(Beginning of Records to use)
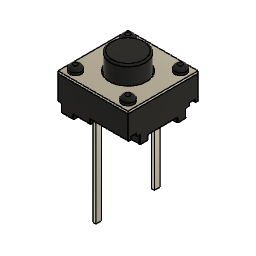
6x6x5 (Autodesk Fusion 360 design; units mm, degrees)
Autodesk Fusion 360 part; units mm, degrees
note: some values were not read from the file. Chosen so that the rebuilt part matches the saved one: which pieces of a blend or face edit are solid.
sketch "Sketch1" plane through (0, 0, 0) normal (0, 0, 1) x (1, 0, 0)
  line L0 (3, -3) -> (-3, -3)
  line L1 (-3, -3) -> (-3, 3)
  line L2 (-3, 3) -> (3, 3)
  line L3 (3, 3) -> (3, -3)
  line L4 (3, -3) -> (-3, 3) construction
  line L5 (-3, -3) -> (3, 3) construction
  dimension "d1" = 6
  dimension "d2" = 6
  constraint horizontal L0
  constraint perpendicular L0 L1
  constraint parallel L0 L2
  constraint parallel L1 L3
  constraint coincident L4 origin
  constraint coincident L5 origin
  measures "d1" distance of L1.end L2.end
  measures "d2" distance of L0.end L1.end
extrude "Extrude1" add sketch "Sketch1" along normal blind 2.8 makes body 1
extrude "Extrude2" add 1 faces at (-1, -1, 2.8) along direction (0, 0, 1) blind 0.2 separate body on bodies 1 makes body 2
sketch "Sketch2" plane through (0, 0, 3) normal (0, 0, 1) x (-1, 0, 0)
  line L0 (-3, -3) -> (3, -3)
  line L1 (3, -3) -> (3, 3)
  line L2 (3, 3) -> (-3, 3)
  line L3 (-3, 3) -> (-3, -3)
  circle A0 centre (2.25, -2.25) radius 0.5
  circle A1 centre (0, 0) radius 1.5
  circle A2 centre (0, 0) radius 1.6
  dimension "d7" = 1
  dimension "d8" = 0.75
  dimension "d9" = 0.75
  dimension "d10" = 3
  dimension "d23" = 3.2
  constraint coincident A1.centre A2.centre
  constraint concentric A1 A2
  measures "d7" diameter of A0
  measures "d8" distance of L0 A0.centre
  measures "d9" distance of L1 A0.centre
  measures "d10" diameter of A1
  measures "d23" diameter of A2
extrude "Extrude3" add sketch "Sketch2" along normal blind 0.5 contours A0 bodies 2
extrude "Extrude4" add sketch "Sketch2" along normal blind 1.5 contours A1 bodies 2
fillet "Fillet1" radius 0.3 1 edges at (-1.7838, 2.4308, 3.5) on bodies 2
mirror "Mirror1" about plane through (0, 0, 0) normal (1, 0, 0) of "Extrude3", "Fillet1"
mirror "Mirror2" about plane through (0, 0, 0) normal (0, 1, 0) of "Extrude3", "Fillet1", "Mirror1"
fillet "Fillet2" radius 0.15 1 edges at (1.3985, 0.5424, 4.5) on bodies 2
extrude "Extrude5" cut sketch "Sketch2" against normal blind 0.2 contours A2 bodies 2 makes body 3 at (-0.0399, 2.5318, 2.8)
sketch "Sketch3" plane through (3, 0, 0) normal (1, 0, 0) x (0, 1, 0)
  line L0 (-3, 0) -> (3, 0)
  line L1 (3, 0) -> (3, 2.8)
  line L2 (3, 2.8) -> (-3, 2.8)
  line L3 (-3, 2.8) -> (-3, 0)
  line L4 (-2, 0) -> (-1.25, 0)
  line L5 (-1.25, 0) -> (-1.25, 0.75)
  line L6 (-1.25, 0.75) -> (-2, 0.75)
  line L7 (-2, 0.75) -> (-2, 0)
  line L8 (-2.75, 0.75) -> (-2.25, 0.75)
  line L9 (-2.25, 0.75) -> (-2.25, 1)
  line L10 (-2.25, 1) -> (-2.75, 1)
  line L11 (-2.75, 1) -> (-2.75, 0.75)
  line L12 (-2, 0.75) -> (-3, 0.75)
  line L13 (2, 0) -> (1.25, 0)
  line L14 (1.25, 0) -> (1.25, 0.75)
  line L15 (1.25, 0.75) -> (2, 0.75)
  line L16 (2, 0.75) -> (2, 0)
  line L17 (-1.25, 0.75) -> (1.25, 0.75)
  line L18 (1.25, 0.75) -> (1.25, 0.375)
  line L19 (1.25, 0.375) -> (-1.25, 0.375)
  line L20 (-1.25, 0.375) -> (-1.25, 0.75)
  line L21 (2, 0.75) -> (3, 0.75)
  line L22 (2.75, 0.75) -> (2.25, 0.75)
  line L23 (2.25, 0.75) -> (2.25, 1)
  line L24 (2.25, 1) -> (2.75, 1)
  line L25 (2.75, 1) -> (2.75, 0.75)
  dimension "d26" = 0.75
  dimension "d27" = 0.75
  dimension "d28" = 1
  dimension "d29" = 0.5
  dimension "d30" = 0.25
  dimension "d31" = 0.25
  dimension "d32" = 0.75
  dimension "d33" = 0.75
  dimension "d34" = 1
  dimension "d35" = 0.5
  dimension "d36" = 0.25
  dimension "d37" = 0.25
  constraint horizontal L4
  constraint vertical L5
  constraint horizontal L6
  constraint vertical L7
  constraint coincident L0 L4.start
  constraint horizontal L8
  constraint vertical L9
  constraint horizontal L10
  constraint vertical L11
  constraint coincident L3 L12.end
  constraint perpendicular L3 L12
  constraint horizontal L13
  constraint vertical L14
  constraint horizontal L15
  constraint vertical L16
  constraint coincident L0 L13.start
  constraint horizontal L17
  constraint vertical L18
  constraint horizontal L19
  constraint vertical L20
  constraint midpoint L14 L18.end
  constraint coincident L1 L21.end
  constraint perpendicular L1 L21
  constraint horizontal L22
  constraint vertical L23
  constraint horizontal L24
  constraint vertical L25
  constraint coincident L21 L22.start
  measures "d26" distance of L4.start L4.end
  measures "d27" distance of L4.start L6.end
  measures "d28" distance of L3 L7
  measures "d29" distance of L8.start L8.end
  measures "d30" distance of L8.start L10.end
  measures "d31" distance of L3 L11
  measures "d32" distance of L13.start L13.end
  measures "d33" distance of L13.start L15.end
  measures "d34" distance of L1 L16
  measures "d35" distance of L22.start L22.end
  measures "d36" distance of L22.start L24.end
  measures "d37" distance of L1 L25
extrude "Extrude6" cut sketch "Sketch3" against normal blind 3.25 contours L0 L3 L7 L8 L12 | L0 L5 L14 L19 | L8 L9 L10 L11 L12 | L0 L1 L16 L21 L22 | L21 L22 L23 L24 L25 bodies 1
sketch "Sketch4" plane through (-3, 0, 0) normal (-1, 0, 0) x (0, -1, 0)
  line L0 (-3, 0) -> (3, 0)
  line L1 (3, 0) -> (3, 2.8)
  line L2 (3, 2.8) -> (-3, 2.8)
  line L3 (-3, 2.8) -> (-3, 0)
  line L4 (-3, 0) -> (-1.5, 0)
  line L5 (-1.5, 0) -> (-1.5, 0.75)
  line L6 (-1.5, 0.75) -> (-3, 0.75)
  line L7 (-3, 0.75) -> (-3, 0)
  line L8 (3, 0) -> (1.5, 0)
  line L9 (1.5, 0) -> (1.5, 0.75)
  line L10 (1.5, 0.75) -> (3, 0.75)
  line L11 (3, 0.75) -> (3, 0)
  dimension "d42" = 1.5
  dimension "d43" = 0.75
  dimension "d44" = 1.5
  dimension "d45" = 0.75
  constraint horizontal L4
  constraint vertical L5
  constraint horizontal L6
  constraint vertical L7
  constraint coincident L0.start L3.end
  constraint horizontal L8
  constraint vertical L9
  constraint horizontal L10
  constraint vertical L11
  constraint coincident L0.end L1.start
  measures "d42" distance of L0.start L4.end
  measures "d43" distance of L0.start L6.end
  measures "d44" distance of L0.end L8.end
  measures "d45" distance of L0.end L10.end
extrude "Extrude7" cut 1 faces at (-0.25, 0.4167, 0.125) along direction (-1, 0, 0) blind 4 on bodies 1 bodies 1
extrude "Extrude8" cut sketch "Sketch4" against normal blind 0.3 contours L0 L3 L4 L5 L6 L7 | L0 L1 L8 L9 L10 L11 bodies 1
sketch "Sketch5" plane through (0, 0, 0) normal (0, 0, -1) x (1, 0, 0)
  line L0 (-2.7, -1.5) -> (-2.7, -3)
  line L1 (-2.7, -3) -> (-0.25, -3)
  line L2 (-0.25, -3) -> (-0.25, -2)
  line L3 (-0.25, -2) -> (3, -2)
  line L4 (3, -2) -> (3, -1.25)
  line L5 (3, -1.25) -> (-3, -1.25)
  line L6 (-3, -1.25) -> (-3, -1.5)
  line L7 (-3, -1.5) -> (-2.7, -1.5)
  line L8 (-2.7, -3) -> (-1.7, -3)
  line L9 (-1.7, -3) -> (-1.7, -1.5)
  line L10 (-1.7, -1.5) -> (-2.7, -1.5)
  line L11 (-2.7, -1.5) -> (-2.7, -3)
  line L12 (3, -1.25) -> (2, -1.25)
  line L13 (2, -1.25) -> (2, -2)
  line L14 (2, -2) -> (3, -2)
  line L15 (3, -2) -> (3, -1.25)
  line L16 (-1.7, -1.5) -> (2, -1.5)
  dimension "d48" = 1
  dimension "d49" = 1.5
  dimension "d50" = 1
  dimension "d51" = 0.75
  constraint horizontal L8
  constraint vertical L9
  constraint horizontal L10
  constraint vertical L11
  constraint coincident L0.end L1.start
  constraint horizontal L12
  constraint vertical L13
  constraint horizontal L14
  constraint vertical L15
  constraint coincident L4.end L5.start
  constraint coincident L13 L16.end
  constraint perpendicular L13 L16
  measures "d48" distance of L0.end L8.end
  measures "d49" distance of L0.end L0.start
  measures "d50" distance of L4.end L12.end
  measures "d51" distance of L4.end L3.end
extrude "Extrude9" cut sketch "Sketch5" against normal blind 0.375 contours L1 L2 L3 L9 L13 L16 bodies 1
mirror "Mirror3" about plane through (0, 0, 0) normal (0, 1, 0) of "Extrude9"
sketch "Sketch6" plane through (0, 0, 0.375) normal (0, 0, -1) x (1, 0, 0)
  line L0 (3, -1.25) -> (3, 1.25)
  line L1 (3, 1.25) -> (-3, 1.25)
  line L2 (-3, 1.25) -> (-3, -1.25)
  line L3 (-3, -1.25) -> (3, -1.25)
  line L4 (1.45, 1.1) -> (2.85, 1.1)
  line L5 (2.85, 1.1) -> (2.85, -1.1)
  line L6 (2.85, -1.1) -> (1.45, -1.1)
  line L7 (1.45, -1.1) -> (1.45, 1.1)
  line L8 (1.45, 1.1) -> (2.85, -1.1) construction
  line L9 (2.85, 1.1) -> (1.45, -1.1) construction
  point P0 (2.15, 0)
  dimension "d56" = 1.4
  dimension "d57" = 2.2
  dimension "d58" = 0.15
  constraint horizontal L4
  constraint perpendicular L4 L5
  constraint parallel L4 L6
  constraint parallel L5 L7
  constraint coincident L8 P0
  constraint coincident L9 P0
  measures "d56" distance of L5.end L6.end
  measures "d57" distance of L4.end L5.end
  measures "d58" distance of L0 L5
extrude "Extrude10" cut sketch "Sketch6" against normal blind 0.15 contours L4 L5 L6 L7 bodies 1
mirror "Mirror4" about plane through (0, 0, 0) normal (1, 0, 0) of "Extrude10"
sketch "Sketch7" plane through (0, 0, 1) normal (0, 0, -1) x (1, 0, 0)
  line L0 (3, 2.25) -> (3, 2.75)
  line L1 (3, 2.75) -> (-0.25, 2.75)
  line L2 (-0.25, 2.75) -> (-0.25, 2.25)
  line L3 (-0.25, 2.25) -> (3, 2.25)
  line L4 (-0.25, 2.75) -> (0, 2.75)
  line L5 (0, 2.75) -> (0, 2.25)
  line L6 (0, 2.25) -> (-0.25, 2.25)
  line L7 (-0.25, 2.25) -> (-0.25, 2.75)
  dimension "d63" = 0.25
  constraint horizontal L4
  constraint vertical L5
  constraint horizontal L6
  constraint vertical L7
  constraint coincident L3 L5.end
  constraint coincident L1.end L2.start
  measures "d63" distance of L1.end L4.end
extrude "Extrude11" add sketch "Sketch7" along normal blind 8 contours L1 L2 L3 L4 L5 L6 L7 bodies 1
mirror "Mirror5" about plane through (0, 0, 0) normal (0, 1, 0) of "Extrude11"
fillet "Fillet3" radius 0.05 31 edges at (0, -1.25, 0.375) (0, 1.25, 0.375) (3, 0, 0.375) (3, -1.25, 0.1875) (3, -2, 0.375) (3, 1.25, 0.1875) (3, 2, 0.375) (1.5, -2.25, 0.75) (1.5, -2.75, 0.75) (1.375, -3, 0.75) (1.375, 3, 0.75) (1.5, 2.75, 0.75) (1.5, 2.25, 0.75) (-0.25, -3, 0.5625) (-0.975, -3, 0.375) (-1.7, -3, 0.1875) (-2.2, -3, 0) (-0.25, 3, 0.5625) (-0.975, 3, 0.375) (-1.7, 3, 0.1875) (-2.2, 3, 0) (-3, 1.5, 0.375) (-3, -1.25, 0.1875) (-3, 1.25, 0.1875) (-3, -1.5, 0.375) (2, -1.5, 0.1875) (2.5, -2, 0) (2, 1.5, 0.1875) (2.5, 2, 0) (-1.7, 1.5, 0.1875) (-1.7, -1.5, 0.1875) on bodies 1
(End of Records to use)
■ **Task objective**:
Could you return exactly the lines above from the line with "constraint coincident L0 L4.start" to the line with "constraint vertical L16", both included, and nothing else?

■ **Written response**:
  constraint coincident L0 L4.start
  constraint horizontal L8
  constraint vertical L9
  constraint horizontal L10
  constraint vertical L11
  constraint coincident L3 L12.end
  constraint perpendicular L3 L12
  constraint horizontal L13
  constraint vertical L14
  constraint horizontal L15
  constraint vertical L16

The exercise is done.